Winkelmann J noted that in cases of infringement, High Court Rule 22.22 provides that the plaintiff must deliver with the statement of claim, particulars of the breaches relied on and give at least one instance of each type of infringement. Rule 22.24 provides that a party may not (without leave of the Court) be heard to adduce evidence in support of an alleged infringement if it relates to matters that are not specified in, or at variance with, the particulars. The judge noted that these rules are clearly directed to restricting discovery and trial to the specific instances or infringement alleged and particularised – the policy being to avoid unnecessary expense and delay.
Here, the counterclaim was not for infringement but more correctly characterized as an action based on the tort of procuring an infringement by others.
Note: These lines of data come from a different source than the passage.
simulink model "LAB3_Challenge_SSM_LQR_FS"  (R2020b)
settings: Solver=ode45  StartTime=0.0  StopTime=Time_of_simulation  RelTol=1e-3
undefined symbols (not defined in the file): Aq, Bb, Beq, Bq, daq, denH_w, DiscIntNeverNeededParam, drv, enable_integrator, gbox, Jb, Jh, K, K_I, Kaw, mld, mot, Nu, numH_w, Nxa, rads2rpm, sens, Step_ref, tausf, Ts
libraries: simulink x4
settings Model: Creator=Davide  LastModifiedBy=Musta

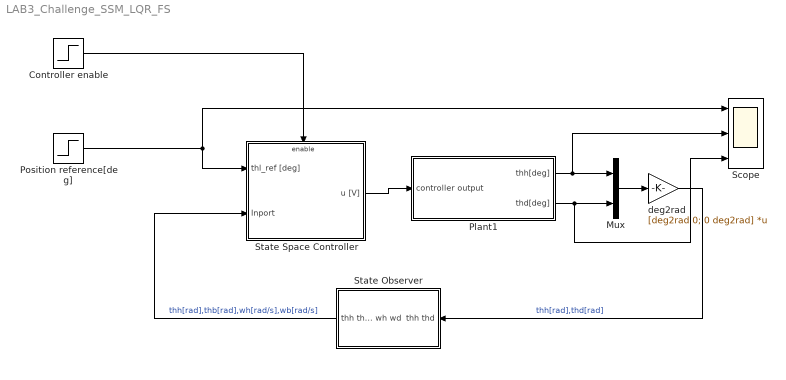
== system LAB3_Challenge_SSM_LQR_FS ==
  Controller enable : Step  Time=0.75  SampleTime=0
  Mux : Mux  Inputs=2
  Plant1 : Subsystem
  Position reference[deg] : Step  After=Step_ref  SampleTime=0
  Scope : Scope  NumInputPorts=3
  State Observer : Subsystem
  State Space Controller : Subsystem
  deg2rad : Gain  Gain=[deg2rad 0; 0 deg2rad]  Multiplication=Matrix(K*u) (u vector)
  wires:
  Position reference[deg]/1 -> Scope/1, State Space Controller/1(thl_ref [deg])
  Controller enable/1 -> State Space Controller/Enable
  Plant1/1(thh[deg]) -> Scope/2, Mux/1
  Mux/1 -> deg2rad/1
  deg2rad/1 -> State Observer/1(thh thd)  "thh[rad],thd[rad]"
  State Space Controller/1(u [V]) -> Plant1/1(controller output)
  Plant1/2(thd[deg]) -> Scope/3, Mux/2
  State Observer/1(thh thd wh wd) -> State Space Controller/2(Inport)  "thh[rad],thb[rad],wh[rad/s],wb[rad/s]"

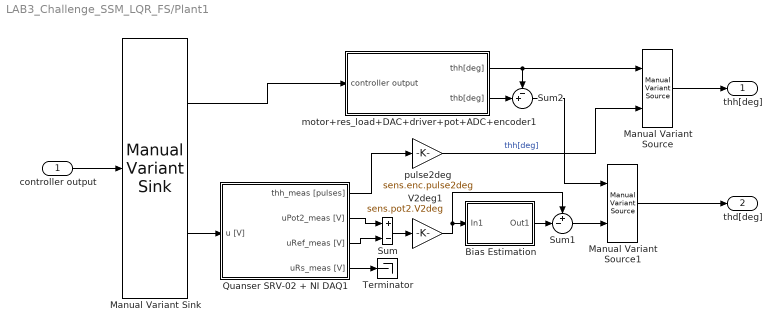
== system LAB3_Challenge_SSM_LQR_FS/Plant1 ==
  controller output : Inport
  Bias Estimation : Subsystem
  Manual Variant Sink : simulink/Signal Routing/Manual Variant Sink  NumChoices=2  LabelModeActiveChoice=V_2
  Manual Variant Source : simulink/Signal Routing/Manual Variant Source  NumChoices=2  LabelModeActiveChoice=V_2
  Manual Variant Source1 : simulink/Signal Routing/Manual Variant Source  NumChoices=2  LabelModeActiveChoice=V_2
  Quanser SRV-02 + NI DAQ1 : Subsystem  mask(Quanser SRV-02 (with resonant load) + NI DAQ){Ts=0.001, fricType=Karnopp, lockShaft=off, beamInitPos=10}
      mask prompts: Ts "NI DAQ Sample Time:"; fricType "Friction model"; lockShaft "Lock motor shaft"; beamInitPos "Beam initial position [deg]:"
      mask help: Quanser SRV-02 (with resonant load) + NI DAQ model.
      mask init:
      | %%
      | % Riccardo Antonello (riccardo.antonello@unipd.it)
      | %
      | % April 28, 2020
      | %
      | % Dept. of Information Engineering, University of Padova
      | %
      | 
      | %%  Conversion gains
      | deg2rad = pi/180;                   %   [deg]   -> [rad]
      | rad2deg = 180/pi;                   %   [rad]   -> [deg]
      | 
      | 
      | %%  Sensors data
      | 
      | %   shunt resistor
      | sens.curr.Rs = 0.5;   
      | 
      | %   Hewlett-Packard HEDS-5540#A06 optical encoder
      | sens.enc.ppr = 500*4;                                                   %   pulses per rotation
      | sens.enc.pulse2deg = 360/sens.enc.ppr;                                  %   [pulses] -> [deg]
      | sens.enc.pulse2rad = 2*pi/sens.enc.ppr;                                 %   [pulses] -> [rad]
      | sens.enc.deg2pulse = sens.enc.ppr/360;                                  %   [deg] -> [pulses]
      | sens.enc.rad2pulse = sens.enc.ppr/2/pi;                                 %   [rad] -> [pulses]
      | 
      | %   potentiometer 2 (Spectrol 357-0-0-103) - installed on hub
      | sens.pot2.range.R      = 10e3;                                          %   ohmic value range 
      | sens.pot2.range.V      = 5;                                             %   voltage range
      | sens.pot2.range.th_deg = 340;                                           %   angle range [deg]
      | sens.pot2.range.th     = sens.pot2.range.th_deg * deg2rad;              %   angle range [rad]                           
      | sens.pot2.deg2V        = sens.pot2.range.V / sens.pot2.range.th_deg;    %   sensitivity [V/deg]
      | sens.pot2.rad2V        = sens.pot2.range.V / sens.pot2.range.th;        %   sensitivity [V/rad]
      | sens.pot2.V2deg        = 1/sens.pot2.deg2V;                             %   conversion gain [V] -> [deg]
      | sens.pot2.V2rad        = 1/sens.pot2.rad2V;                             %   conversion gain [V] -> [rad]
      | sens.pot2.noise.var    = 3.5e-7;                                        %   out noise variance [V^2]
      | 
      | 
      | %%  Data acquisition board (daq) data
      | 
      | %   NI PCI-6221 DAC data
      | daq.dac.bits = 16;                                  %   resolution (bits)
      | daq.dac.fs   = 10;                                  %   full scale 
      | daq.dac.q    = 2*daq.dac.fs/(2^daq.dac.bits-1);     %	quantization
      | 
      | %   NI PCI-6221 ADC data
      | daq.adc.bits = 16;                                  %   resolution (bits)
      | daq.adc.fs   = 10;                                  %   full scale (as set in SLDRT Analog Input block)
      | daq.adc.q    = 2*daq.adc.fs/(2^daq.adc.bits-1);     %   quantization   
      | 
      | 
      | %%  Set beam initial position
      | % SRV02Handle = find_system(gcb, ...
      | %     'LookUnderMasks', 'on', ...
      | %     'FindAll', 'on', ...
      | %     'FollowLinks', 'on', ...
      | %     'SearchDepth', '1', ...
      | %     'BlockType', 'ModelReference', ...
      | %     'Name', 'Quanser SRV-02');
      | %
      | % %get_param(SRV02Handle, 'InstanceParameters')
      | % InstanceParams = get_param(SRV02Handle, 'InstanceParameters');
      | % for k = 1:length(InstanceParams)
      | %     if strcmp(InstanceParams(k).Name, 'thb0')
      | %         if lockShaft
      | %             InstanceParams(k).Value = sprintf('%f', beamInitPos);
      | %         else
      | %             InstanceParams(k).Value = sprintf('%f', 0);    
      | %         end
      | %         set_param(SRV02Handle, 'InstanceParameters', InstanceParams);
      | %         break;
      | %     end
      | % end
      | 
      | if lockShaft
      |     thb0 = beamInitPos;
      | else
      |     thb0 = 0;    
      | end
      | 
      | 
      | %%  Mask initialization
      | if lockShaft
      |     
      |     %   find Inport handle
      |     InPortHandle = find_system(gcb, ...
      |         'LookUnderMasks', 'on', ...
      |         'FindAll', 'on', ...
      |         'FollowLinks', 'on', ...
      |         'SearchDepth', '1', ...
      |         'BlockType', 'Inport', ...
      |         'Name', 'u [V]');
      |     
      |     if ~isempty(InPortHandle)
      |     
      |         %   find DAC handle
      |         DACHandle = find_system(gcb, ...
      |             'LookUnderMasks', 'on', ...
      |             'FindAll', 'on', ...
      |             'FollowLinks', 'on', ...
      |             'SearchDepth', '1', ...
      |             'BlockType', 'SubSystem', ...
      |             'Name', 'DAC');  
      | 
      |         %   remove Inport output connection   
      |         InportConn = get_param(InPortHandle, 'PortConnectivity');
      |         delete_line(gcb, InportConn.Position);
      | 
      |         %   remove Inport block
      |         delete_block(InPortHandle);
      | 
      |         %   add Constant block
      |         ConstantHandle = add_block( ...
      |             'simulink/Sources/Constant', [gcb, '/u [V]'], ...
      |             'Position', [20   -37    50   -23], ...
      |             'Value', '0');
      | 
      |         %   connect Constant to DAC block
      |         DACPortHandles = get_param(DACHandle, 'PortHandles');
      |         ConstantPortHandles = get_param(ConstantHandle, 'PortHandles');
      |         add_line(gcb, ConstantPortHandles.Outport(1), DACPortHandles.Inport(1));
      |     
      |     end
      |     
      | else
      |     
      |     %   find Constant handle
      |     ConstantHandle = find_system(gcb, ...
      |         'LookUnderMasks', 'on', ...
      |         'FindAll', 'on', ...
      |         'FollowLinks', 'on', ...
      |         'SearchDepth', '1', ...
      |         'BlockType', 'Constant', ...
      |         'Name', 'u [V]');
      |     
      |     if ~isempty(ConstantHandle)
      |     
      |         %   find DAC handle
      |         DACHandle = find_system(gcb, ...
      |             'LookUnderMasks', 'on', ...
      |             'FindAll', 'on', ...
      |             'FollowLinks', 'on', ...
      |             'SearchDepth', '1', ...
      |             'BlockType', 'SubSystem', ...
      |             'Name', 'DAC');  
      |  
      |         %   remove Constant output connection   
      |         ConstantConn = get_param(ConstantHandle, 'PortConnectivity');
      |         delete_line(gcb, ConstantConn.Position);
      | 
      |         %   remove Inport block
      |         delete_block(ConstantHandle);   
      | 
      |         %   add Inport block
      |         InportHandle = add_block( ...
      |             'simulink/Sources/In1', [gcb, '/u [V]'], ...
      |             'Position', [20   -37    50   -23], ...
      |             'Port', '1');
      | 
      |         %   connect Constant to DAC block
      |         DACPortHandles = get_param(DACHandle, 'PortHandles');
      |         InportPortHandles = get_param(InportHandle, 'PortHandles');
      |         add_line(gcb, InportPortHandles.Outport(1), DACPortHandles.Inport(1));
      |     
      |      end
      |     
      | end
      mask Help:
      | Riccardo Antonello (antonello@dei.unipd.it)
      | 
      | April 28, 2020
      | 
      | Dept. of Information Engineering, University of Padova
      mask TypeOptions fricType: Coulomb + viscous | Karnopp
      mask Callback lockShaft:
      | %   get status of check box
      | lockShaft = get_param(gcb, 'lockShaft');
      | 
      | %   get current value of MaskVisibilities property
      | maskVisibilities = get_param(gcb, 'MaskVisibilities');
      | 
      | %   set visibility of the dialog box element
      | if strcmp(lockShaft, 'on')
      |     maskVisibilities{4} = 'on';
      | else
      |     maskVisibilities{4} = 'off';
      | end
      | 
      | % Set the 'MaskVisibilities' property for each parameter in mask
      | set_param( gcb, 'MaskVisibilities', maskVisibilities);
  Sum : Sum  Inputs=+-
  Sum1 : Sum  Inputs=+-|
  Sum2 : Sum  Inputs=-+|
  Terminator : Terminator
  V2deg1 : Gain  Gain=sens.pot2.V2deg
  motor+res_load+DAC+driver+pot+ADC+encoder1 : Subsystem
  pulse2deg : Gain  Gain=sens.enc.pulse2deg
  thh[deg] : Outport
  thd[deg] : Outport  Port=2
  wires:
  V2deg1/1 -> Bias Estimation/1(In1), Sum1/1
  Quanser SRV-02 + NI DAQ1/2(uPot2_meas [V]) -> Sum/1
  Sum/1 -> V2deg1/1
  Quanser SRV-02 + NI DAQ1/3(uRef_meas [V]) -> Sum/2
  pulse2deg/1 -> Manual Variant Source/2  "thh[deg]"
  Sum2/1 -> Manual Variant Source1/1
  motor+res_load+DAC+driver+pot+ADC+encoder1/2(thb[deg]) -> Sum2/2
  Sum1/1 -> Manual Variant Source1/2
  Bias Estimation/1(Out1) -> Sum1/2
  Quanser SRV-02 + NI DAQ1/1(thh_meas [pulses]) -> pulse2deg/1
  Manual Variant Source/1 -> thh[deg]/1
  motor+res_load+DAC+driver+pot+ADC+encoder1/1(thh[deg]) -> Manual Variant Source/1, Sum2/1
  Manual Variant Sink/2 -> Quanser SRV-02 + NI DAQ1/1(u [V])
  Manual Variant Sink/1 -> motor+res_load+DAC+driver+pot+ADC+encoder1/1(controller output)
  controller output/1 -> Manual Variant Sink/1
  Manual Variant Source1/1 -> thd[deg]/1
  Quanser SRV-02 + NI DAQ1/4(uRs_meas [V]) -> Terminator/1

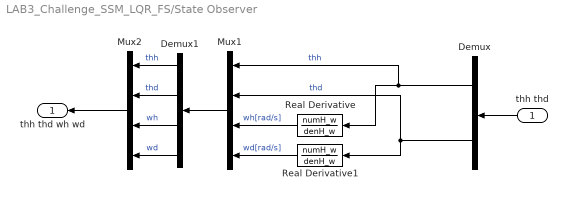
== system LAB3_Challenge_SSM_LQR_FS/State Observer ==
  thh thd : Inport
  Demux : Demux  Outputs=2
  Demux1 : Demux
  Mux1 : Mux
  Mux2 : Mux
  Real Derivative : TransferFcn  Numerator=numH_w  Denominator=denH_w
  Real Derivative1 : TransferFcn  Numerator=numH_w  Denominator=denH_w
  thh thd wh wd : Outport
  wires:
  Real Derivative/1 -> Mux1/3  "wh[rad/s]"
  Demux/1 -> Real Derivative/1, Mux1/1  "thh"
  thh thd/1 -> Demux/1
  Real Derivative1/1 -> Mux1/4  "wd[rad/s]"
  Demux/2 -> Mux1/2, Real Derivative1/1  "thd"
  Mux2/1 -> thh thd wh wd/1
  Mux1/1 -> Demux1/1
  Demux1/1 -> Mux2/1  "thh"
  Demux1/2 -> Mux2/2  "thd"
  Demux1/3 -> Mux2/3  "wh"
  Demux1/4 -> Mux2/4  "wd"

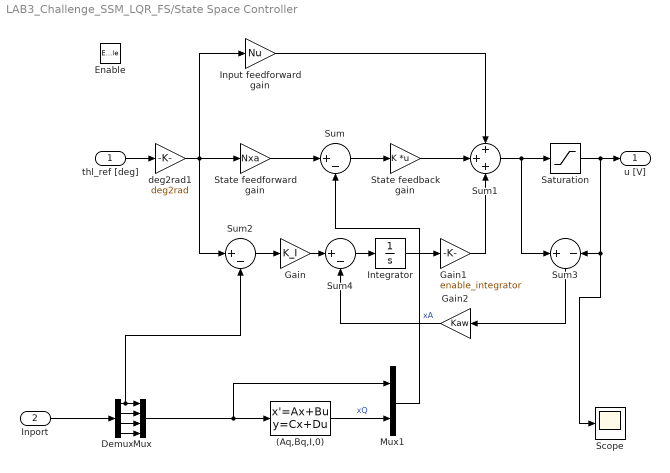
== system LAB3_Challenge_SSM_LQR_FS/State Space Controller ==
  thl_ref [deg] : Inport
  Inport : Inport  Port=2
  Enable : EnablePort
  (Aq,Bq,I,0) : StateSpace  A=Aq  B=Bq  C=eye(2)  D=zeros(2,4)  InitialCondition=0
  Demux : Demux
  Gain : Gain  Gain=K_I
  Gain1 : Gain  Gain=enable_integrator
  Gain2 : Gain  Gain=Kaw
  Input feedforward gain : Gain  Gain=Nu
  Integrator : Integrator
  Mux : Mux
  Mux1 : Mux  Inputs=2
  Saturation : Saturate  UpperLimit=daq.dac.fs  LowerLimit=-daq.dac.fs
  Scope : Scope
  State feedback gain : Gain  Gain=K  Multiplication=Matrix(K*u)
  State feedforward gain : Gain  Gain=Nxa
  Sum : Sum  Inputs=|+-
  Sum1 : Sum  Inputs=+++
  Sum2 : Sum  Inputs=|+-
  Sum3 : Sum  Inputs=+|-
  Sum4 : Sum  Inputs=|+-
  deg2rad1 : Gain  Gain=deg2rad
  u [V] : Outport
  wires:
  Sum1/1 -> Sum3/1, Saturation/1
  Saturation/1 -> Scope/1, Sum3/2, u [V]/1
  Mux1/1 -> Sum/2  "xA"
  thl_ref [deg]/1 -> deg2rad1/1
  deg2rad1/1 -> Sum2/1, State feedforward gain/1, Input feedforward gain/1
  Input feedforward gain/1 -> Sum1/1
  State feedforward gain/1 -> Sum/1
  Sum/1 -> State feedback gain/1
  State feedback gain/1 -> Sum1/2
  (Aq,Bq,I,0)/1 -> Mux1/2  "xQ"
  Sum2/1 -> Gain/1
  Gain/1 -> Sum4/1
  Integrator/1 -> Gain1/1
  Gain1/1 -> Sum1/3
  Sum4/1 -> Integrator/1
  Gain2/1 -> Sum4/2
  Sum3/1 -> Gain2/1
  Demux/4 -> Mux/4
  Demux/1 -> Sum2/2, Mux/1
  Demux/2 -> Mux/2
  Demux/3 -> Mux/3
  Inport/1 -> Demux/1
  Mux/1 -> Mux1/1, (Aq,Bq,I,0)/1

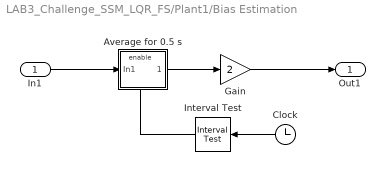
== system LAB3_Challenge_SSM_LQR_FS/Plant1/Bias Estimation ==
  In1 : Inport
  Average for 0.5 s : Subsystem
  Clock : Clock
  Gain : Gain  Gain=2
  Interval Test : simulink/Logic and Bit Operations/Interval Test  IntervalClosedRight=on  uplimit=0.7  IntervalClosedLeft=on  lowlimit=0.2  OutDataTypeStr=boolean
  Out1 : Outport
  wires:
  Interval Test/1 -> Average for 0.5 s/Enable
  In1/1 -> Average for 0.5 s/1(In1)
  Clock/1 -> Interval Test/1
  Average for 0.5 s/1(Out1) -> Gain/1
  Gain/1 -> Out1/1

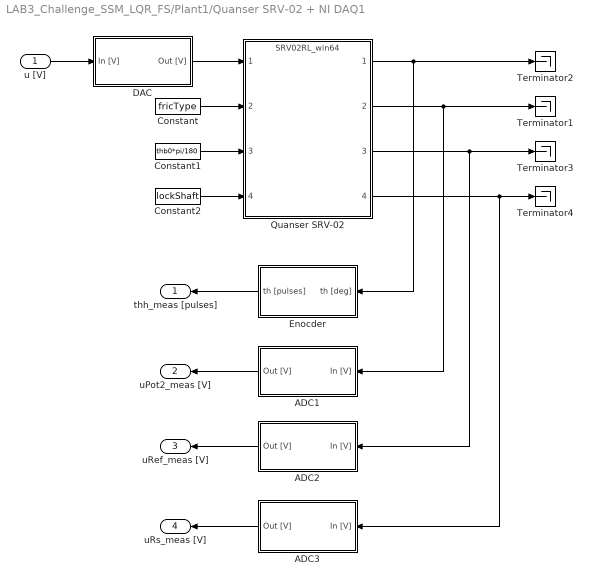
== system LAB3_Challenge_SSM_LQR_FS/Plant1/Quanser SRV-02 + NI DAQ1 ==
  u [V] : Inport
  ADC1 : Subsystem
  ADC2 : Subsystem
  ADC3 : Subsystem
  Constant : Constant  Value=fricType
  Constant1 : Constant  Value=thb0*pi/180  SampleTime=Inf
  Constant2 : Constant  Value=lockShaft  SampleTime=Inf
  DAC : Subsystem
  Enocder : Subsystem
  Quanser SRV-02 : ModelReference  ModelNameDialog=SRV02RL_win64.slxp  ModelReferenceVersion=1.76  CopyOfModelProtected=on
  Terminator{1..4} (4 alike) : Terminator
  thh_meas [pulses] : Outport
  uPot2_meas [V] : Outport  Port=2
  uRef_meas [V] : Outport  Port=3
  uRs_meas [V] : Outport  Port=4
  wires:
  Enocder/1(th [pulses]) -> thh_meas [pulses]/1
  ADC3/1(Out [V]) -> uRs_meas [V]/1
  DAC/1(Out [V]) -> Quanser SRV-02/1
  Quanser SRV-02/2 -> ADC1/1(In [V]), Terminator1/1
  Quanser SRV-02/1 -> Terminator2/1, Enocder/1(th [deg])
  Constant/1 -> Quanser SRV-02/2
  Quanser SRV-02/3 -> ADC2/1(In [V]), Terminator3/1
  ADC1/1(Out [V]) -> uPot2_meas [V]/1
  Constant1/1 -> Quanser SRV-02/3
  Constant2/1 -> Quanser SRV-02/4
  Quanser SRV-02/4 -> ADC3/1(In [V]), Terminator4/1
  ADC2/1(Out [V]) -> uRef_meas [V]/1
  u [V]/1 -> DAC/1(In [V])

Whatever the characterization of the action, Winkelmann J held that the policy underlying the Rule governing pleading in infringement actions applied with equal force, and that policy informed the assessment of the particulars required of an allegation of contributory infringement – even if the issue were to be considered in the context of the usual rules as to requirements for particularity and pleading.
Winkelmann J noted that a contributory infringer was one who in some way procures or induces an infringement of the patent by another. To contribute in this way to infringement, there must be a primary infringer. It is not enough to constitute contributory infringement to merely facilitate the primary infringement. Therefore the sale of an item, knowing that it is to be used in an infringing way, is not sufficient to make out a contributory infringement .
Winkelmann J held that, even if Dairysense were able to prove that the system marketed and sold by Baycity could be used for no purpose other than an infringing purpose, that would not (without more) constitute contributory infringement as such a system could nevertheless be disposed of without infringement. For example, the purchaser might export the system.
As to the interlocutory applications, Winkelmann held that the application for discovery and interrogatories was couched in such general terms as to be objectionable and a fishing exercise. The difficulty in addressing the Dairysense applications was the deficiency in the pleading of the cause of action. Baycity was entitled to particulars of the identity of the primary infringer, particulars of the infringement alleged and also particulars of Baycity’s acts of procurement or inducement.
The judge noted that although Dairysense need not sue the primary infringer (and it might have valid commercial reasons for being obscure in its pleadings) this could not relieve it from its obligations to properly plead its claim nor to state plainly whom the primary infringer was, the instances of infringement and how Baycity procured or induced that or those infringements. Dairysense could not seek discovery or issue interrogatories or indeed seek rights of inspection in reliance on unmade or unparticularised allegations.
Winkelmann J held, that even if the defendants were to narrow the scope of the interrogatories and discovery sought, the absence of any adequate pleading of the particular instance of primary breach or the acts of procurement and inducement meant that even more limited discovery and interrogatories would not be “anchored to any present pleadings or particulars in the counterclaim”.
As to the right to inspect the data logger, in circumstances where the functionality of this seemed clear cut, and not to be at issue in the proceedings, the relevance of the inspection exercise had not been made out and was therefore declined.
All applications were therefore refused.